— Что за! — воскликнул Найло, отпрыгивая.
Мальчишка буркнул, не поднимая головы. Илидор проследил за ним взглядом, пока мальчишку и его пахучую ношу не поглотила дверь лавки дубильщика, стоящей на отшибе от прочих, под самой стеной.
— Ты здесь скорей ворьё найдёшь, чем покупателя, — укорил Йеруша дракон. — Под ноги лучше смотри.
Мастеровые кварталы тянулись, как осенняя морось. Хлюпала под ногами глинистая почва, мокрая не то от дождей, не то от нечистот, бегали туда-сюда куры, кошки и дети, капало с низких крыш, рябило в глазах от цветастых одежд и фигурных вывесок.
Шибала в нос вонь отходов и мусора, которые тут сбрасывали прямо в канавы, и на грудах этого мусора преспокойно возились жирные крысы и мелкие псы. Поодаль, как показалось дракону, рылась в отходах небольшая дикая свинья, а впрочем, это могла быть особо жирная крыса или старуха в кожаной жилетке.
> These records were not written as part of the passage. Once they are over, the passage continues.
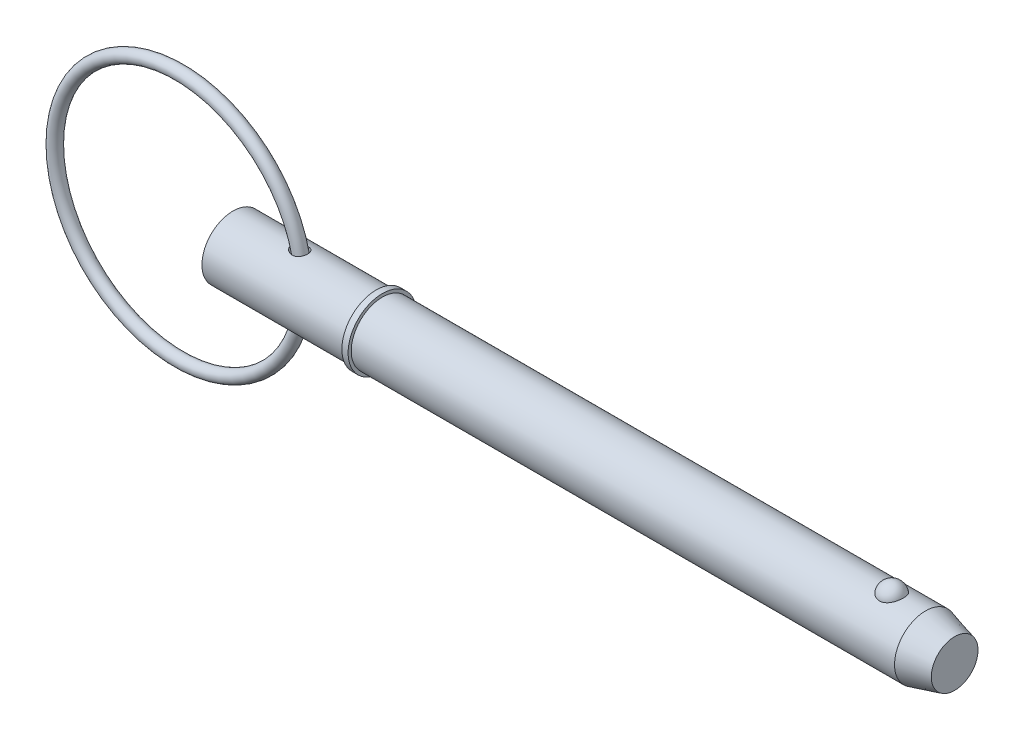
ISO-10303-21;
HEADER;
FILE_DESCRIPTION(('STEP AP214'),'2;1');
FILE_NAME('part.step','',(''),(''),'','','');
FILE_SCHEMA(('AUTOMOTIVE_DESIGN { 1 0 10303 214 1 1 1 1 }'));
ENDSEC;
DATA;
#1=APPLICATION_CONTEXT('core data for automotive mechanical design processes');
#2=APPLICATION_PROTOCOL_DEFINITION('international standard','automotive_design',2000,#1);
#3=PRODUCT_CONTEXT('',#1,'mechanical');
#4=PRODUCT('Part','Part','',(#3));
#5=PRODUCT_RELATED_PRODUCT_CATEGORY('part','',(#4));
#6=PRODUCT_DEFINITION_FORMATION('','',#4);
#7=PRODUCT_DEFINITION_CONTEXT('part definition',#1,'design');
#8=PRODUCT_DEFINITION('design','',#6,#7);
#9=PRODUCT_DEFINITION_SHAPE('','',#8);
#10=(LENGTH_UNIT() NAMED_UNIT(*) SI_UNIT(.MILLI.,.METRE.));
#11=(NAMED_UNIT(*) PLANE_ANGLE_UNIT() SI_UNIT($,.RADIAN.));
#12=(NAMED_UNIT(*) SI_UNIT($,.STERADIAN.) SOLID_ANGLE_UNIT());
#13=UNCERTAINTY_MEASURE_WITH_UNIT(LENGTH_MEASURE(1.E-05),#10,'distance_accuracy_value','');
#14=(GEOMETRIC_REPRESENTATION_CONTEXT(3) GLOBAL_UNCERTAINTY_ASSIGNED_CONTEXT((#13)) GLOBAL_UNIT_ASSIGNED_CONTEXT((#10,
#11,#12)) REPRESENTATION_CONTEXT('',''));
#15=CARTESIAN_POINT('',(0.,0.,0.));
#16=DIRECTION('',(0.,0.,1.));
#17=DIRECTION('',(1.,0.,0.));
#18=AXIS2_PLACEMENT_3D('',#15,#16,#17);
#19=CARTESIAN_POINT('',(-6.86864682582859,0.,0.));
#20=DIRECTION('',(0.,0.,1.));
#21=DIRECTION('',(1.,0.,0.));
#22=AXIS2_PLACEMENT_3D('',#19,#20,#21);
#23=TOROIDAL_SURFACE('',#22,15.875,0.794);
#24=CARTESIAN_POINT('',(9.80035317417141,0.,0.));
#25=VERTEX_POINT('',#24);
#26=VERTEX_LOOP('',#25);
#27=FACE_BOUND('',#26,.T.);
#28=ADVANCED_FACE('P0_F12',(#27),#23,.T.);
#29=CLOSED_SHELL('',(#28));
#30=MANIFOLD_SOLID_BREP('P0_B1',#29);
#31=CARTESIAN_POINT('',(0.,0.,0.));
#32=DIRECTION('',(1.,0.,0.));
#33=DIRECTION('',(0.,0.,-1.));
#34=AXIS2_PLACEMENT_3D('',#31,#32,#33);
#35=CYLINDRICAL_SURFACE('',#34,3.97);
#36=CARTESIAN_POINT('',(7.49679817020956,3.96502331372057,-0.198721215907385));
#37=CARTESIAN_POINT('',(7.50881508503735,3.96235594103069,-0.251916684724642));
#38=CARTESIAN_POINT('',(7.52561550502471,3.95866151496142,-0.304017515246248));
#39=CARTESIAN_POINT('',(7.56786984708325,3.9496659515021,-0.40447153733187));
#40=CARTESIAN_POINT('',(7.59333797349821,3.94436217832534,-0.452818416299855));
#41=CARTESIAN_POINT('',(7.65162192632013,3.93277091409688,-0.544364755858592));
#42=CARTESIAN_POINT('',(7.68440149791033,3.92648832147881,-0.587588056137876));
#43=CARTESIAN_POINT('',(7.75622109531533,3.91354812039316,-0.668369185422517));
#44=CARTESIAN_POINT('',(7.79526077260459,3.90689053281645,-0.705927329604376));
#45=CARTESIAN_POINT('',(7.88192852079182,3.8932854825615,-0.777603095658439));
#46=CARTESIAN_POINT('',(7.92999678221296,3.88635845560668,-0.811192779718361));
#47=CARTESIAN_POINT('',(8.03094744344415,3.87352417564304,-0.870420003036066));
#48=CARTESIAN_POINT('',(8.08383192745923,3.86761736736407,-0.896054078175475));
#49=CARTESIAN_POINT('',(8.19632733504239,3.85719062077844,-0.939958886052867));
#50=CARTESIAN_POINT('',(8.25615064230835,3.85277154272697,-0.957713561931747));
#51=CARTESIAN_POINT('',(8.37807849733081,3.84644428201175,-0.982821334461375));
#52=CARTESIAN_POINT('',(8.44018249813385,3.84453550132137,-0.990176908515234));
#53=CARTESIAN_POINT('',(8.56256649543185,3.84359535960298,-0.993820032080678));
#54=CARTESIAN_POINT('',(8.62283390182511,3.84446524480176,-0.990487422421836));
#55=CARTESIAN_POINT('',(8.74175397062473,3.84884648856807,-0.973323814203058));
#56=CARTESIAN_POINT('',(8.8004073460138,3.85235666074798,-0.959497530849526));
#57=CARTESIAN_POINT('',(8.91034168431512,3.86130428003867,-0.922798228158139));
#58=CARTESIAN_POINT('',(8.96185380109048,3.86659969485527,-0.900580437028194));
#59=CARTESIAN_POINT('',(9.06016940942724,3.87853590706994,-0.847697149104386));
#60=CARTESIAN_POINT('',(9.10697344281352,3.88517654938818,-0.817032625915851));
#61=CARTESIAN_POINT('',(9.19340982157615,3.89885483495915,-0.748999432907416));
#62=CARTESIAN_POINT('',(9.23319345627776,3.90587821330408,-0.711819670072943));
#63=CARTESIAN_POINT('',(9.30598310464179,3.91969783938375,-0.631295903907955));
#64=CARTESIAN_POINT('',(9.33898892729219,3.92649408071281,-0.587951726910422));
#65=CARTESIAN_POINT('',(9.39769437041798,3.939185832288,-0.495874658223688));
#66=CARTESIAN_POINT('',(9.42332322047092,3.94507238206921,-0.447095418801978));
#67=CARTESIAN_POINT('',(9.46625710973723,3.9552342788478,-0.345845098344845));
#68=CARTESIAN_POINT('',(9.48356178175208,3.95950955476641,-0.293373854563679));
#69=CARTESIAN_POINT('',(9.50956700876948,3.96602451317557,-0.185698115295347));
#70=CARTESIAN_POINT('',(9.51818595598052,3.96824487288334,-0.13047272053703));
#71=CARTESIAN_POINT('',(9.52633336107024,3.97034220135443,-0.0193113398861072));
#72=CARTESIAN_POINT('',(9.52586171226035,3.97021914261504,0.0366246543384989));
#73=CARTESIAN_POINT('',(9.51583327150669,3.9676413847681,0.147685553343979));
#74=CARTESIAN_POINT('',(9.50626624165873,3.96518405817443,0.202809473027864));
#75=CARTESIAN_POINT('',(9.47825604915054,3.95819854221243,0.310618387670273));
#76=CARTESIAN_POINT('',(9.45981267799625,3.95367030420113,0.36330332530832));
#77=CARTESIAN_POINT('',(9.41448405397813,3.94303435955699,0.464739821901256));
#78=CARTESIAN_POINT('',(9.38759833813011,3.93692656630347,0.51349116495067));
#79=CARTESIAN_POINT('',(9.32603556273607,3.92380455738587,0.605663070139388));
#80=CARTESIAN_POINT('',(9.29135869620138,3.91679036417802,0.649083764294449));
#81=CARTESIAN_POINT('',(9.21526329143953,3.90267522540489,0.729160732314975));
#82=CARTESIAN_POINT('',(9.17387556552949,3.89557480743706,0.765846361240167));
#83=CARTESIAN_POINT('',(9.08536362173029,3.88206315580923,0.831635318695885));
#84=CARTESIAN_POINT('',(9.03824022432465,3.8756518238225,0.860739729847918));
#85=CARTESIAN_POINT('',(8.94022154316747,3.86431915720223,0.910262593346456));
#86=CARTESIAN_POINT('',(8.88938101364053,3.85938013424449,0.930785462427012));
#87=CARTESIAN_POINT('',(8.78488780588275,3.85141510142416,0.96321476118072));
#88=CARTESIAN_POINT('',(8.73123520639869,3.84838903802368,0.975121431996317));
#89=CARTESIAN_POINT('',(8.62249427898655,3.84453017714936,0.990226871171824));
#90=CARTESIAN_POINT('',(8.56740225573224,3.84370373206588,0.993400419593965));
#91=CARTESIAN_POINT('',(8.45741104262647,3.8442816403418,0.991160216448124));
#92=CARTESIAN_POINT('',(8.40251189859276,3.84568649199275,0.98574454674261));
#93=CARTESIAN_POINT('',(8.29176880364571,3.85062289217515,0.966285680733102));
#94=CARTESIAN_POINT('',(8.23599684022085,3.85424894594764,0.951858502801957));
#95=CARTESIAN_POINT('',(8.12747212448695,3.86325492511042,0.91461785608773));
#96=CARTESIAN_POINT('',(8.0747205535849,3.86863553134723,0.891801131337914));
#97=CARTESIAN_POINT('',(7.97015235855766,3.88095261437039,0.836633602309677));
#98=CARTESIAN_POINT('',(7.91862083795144,3.88796764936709,0.803758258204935));
#99=CARTESIAN_POINT('',(7.82179253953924,3.90250904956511,0.729888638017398));
#100=CARTESIAN_POINT('',(7.77649765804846,3.91003556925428,0.688891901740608));
#101=CARTESIAN_POINT('',(7.69332536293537,3.92478114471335,0.599225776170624));
#102=CARTESIAN_POINT('',(7.6555122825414,3.93199714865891,0.550495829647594));
#103=CARTESIAN_POINT('',(7.5894819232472,3.94512912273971,0.446741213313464));
#104=CARTESIAN_POINT('',(7.56125849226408,3.95104592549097,0.391720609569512));
#105=CARTESIAN_POINT('',(7.51806227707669,3.9603062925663,0.282172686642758));
#106=CARTESIAN_POINT('',(7.50213211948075,3.96383230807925,0.228039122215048));
#107=CARTESIAN_POINT('',(7.48057398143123,3.96863642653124,0.117706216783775));
#108=CARTESIAN_POINT('',(7.47492746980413,3.96991857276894,0.0615107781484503));
#109=CARTESIAN_POINT('',(7.47437932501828,3.97004395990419,-0.0289758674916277));
#110=CARTESIAN_POINT('',(7.47615129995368,3.96964216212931,-0.0632805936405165));
#111=CARTESIAN_POINT('',(7.48358566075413,3.96796978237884,-0.131441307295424));
#112=CARTESIAN_POINT('',(7.48924767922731,3.96669928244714,-0.165297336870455));
#113=CARTESIAN_POINT('',(7.49679817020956,3.96502331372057,-0.198721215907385));
#114=B_SPLINE_CURVE_WITH_KNOTS('',3,(#36,#37,#38,#39,#40,#41,#42,#43,#44,#45,#46,#47,#48,#49,
#50,#51,#52,#53,#54,#55,#56,#57,#58,#59,#60,#61,#62,#63,#64,#65,#66,#67,#68,#69,#70,#71,#72,#73,
#74,#75,#76,#77,#78,#79,#80,#81,#82,#83,#84,#85,#86,#87,#88,#89,#90,#91,#92,#93,#94,#95,#96,#97,
#98,#99,#100,#101,#102,#103,#104,#105,#106,#107,#108,#109,#110,#111,#112,#113),.UNSPECIFIED.,
.T.,.F.,(4,2,2,2,2,2,2,2,2,2,2,2,2,2,2,2,2,2,2,2,2,2,2,2,2,2,2,2,2,2,2,2,2,2,2,2,2,2,4),(0.,
0.163661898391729,0.327593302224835,0.490729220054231,0.653856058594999,0.830244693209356,
1.00671002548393,1.1934572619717,1.38016000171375,1.56030212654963,1.74036335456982,
1.90857505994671,2.07676738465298,2.24071128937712,2.40465981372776,2.57013239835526,
2.73561228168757,2.90263284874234,3.06965537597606,3.23686612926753,3.40408081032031,
3.5713046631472,3.73852437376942,3.90499698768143,4.07144581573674,4.2358058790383,
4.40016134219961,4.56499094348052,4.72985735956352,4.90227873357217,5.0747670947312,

Трижды Илидор стряхивал с рюкзака повисшего на нём хитроглазого ребенка — не понять притом, одного и того же или разных, а Йеруш спазматически прижимал к груди кошель и мешочек с сумеречным камнем.
Дорога, понемногу петляя между мастерскими и лавками, поднималась в гору и злонамеренно не радовала Найло. На поворотах там и сям стояли бочки с протухшей дождевой водой и мусором. Один раз дорогу перебежала такая жирная крыса, что Йеруш принял её за кошку.
За ним и драконом тащилась уже целая ватага оборванных детей с недетски-внимательными глазами и вкрадчивыми кошачьими движениями, и никто из детей не выглядел дружелюбно. Илидор довольно слабо представлял, что он должен делать и думать по этому поводу — шугать их вроде не за что, но очень хочется оказаться как можно дальше, притом побыстрее, и дракон всё ускорял шаг. Йеруш, едва ли это замечая, тоже шагал всё шире, чтобы не отставать.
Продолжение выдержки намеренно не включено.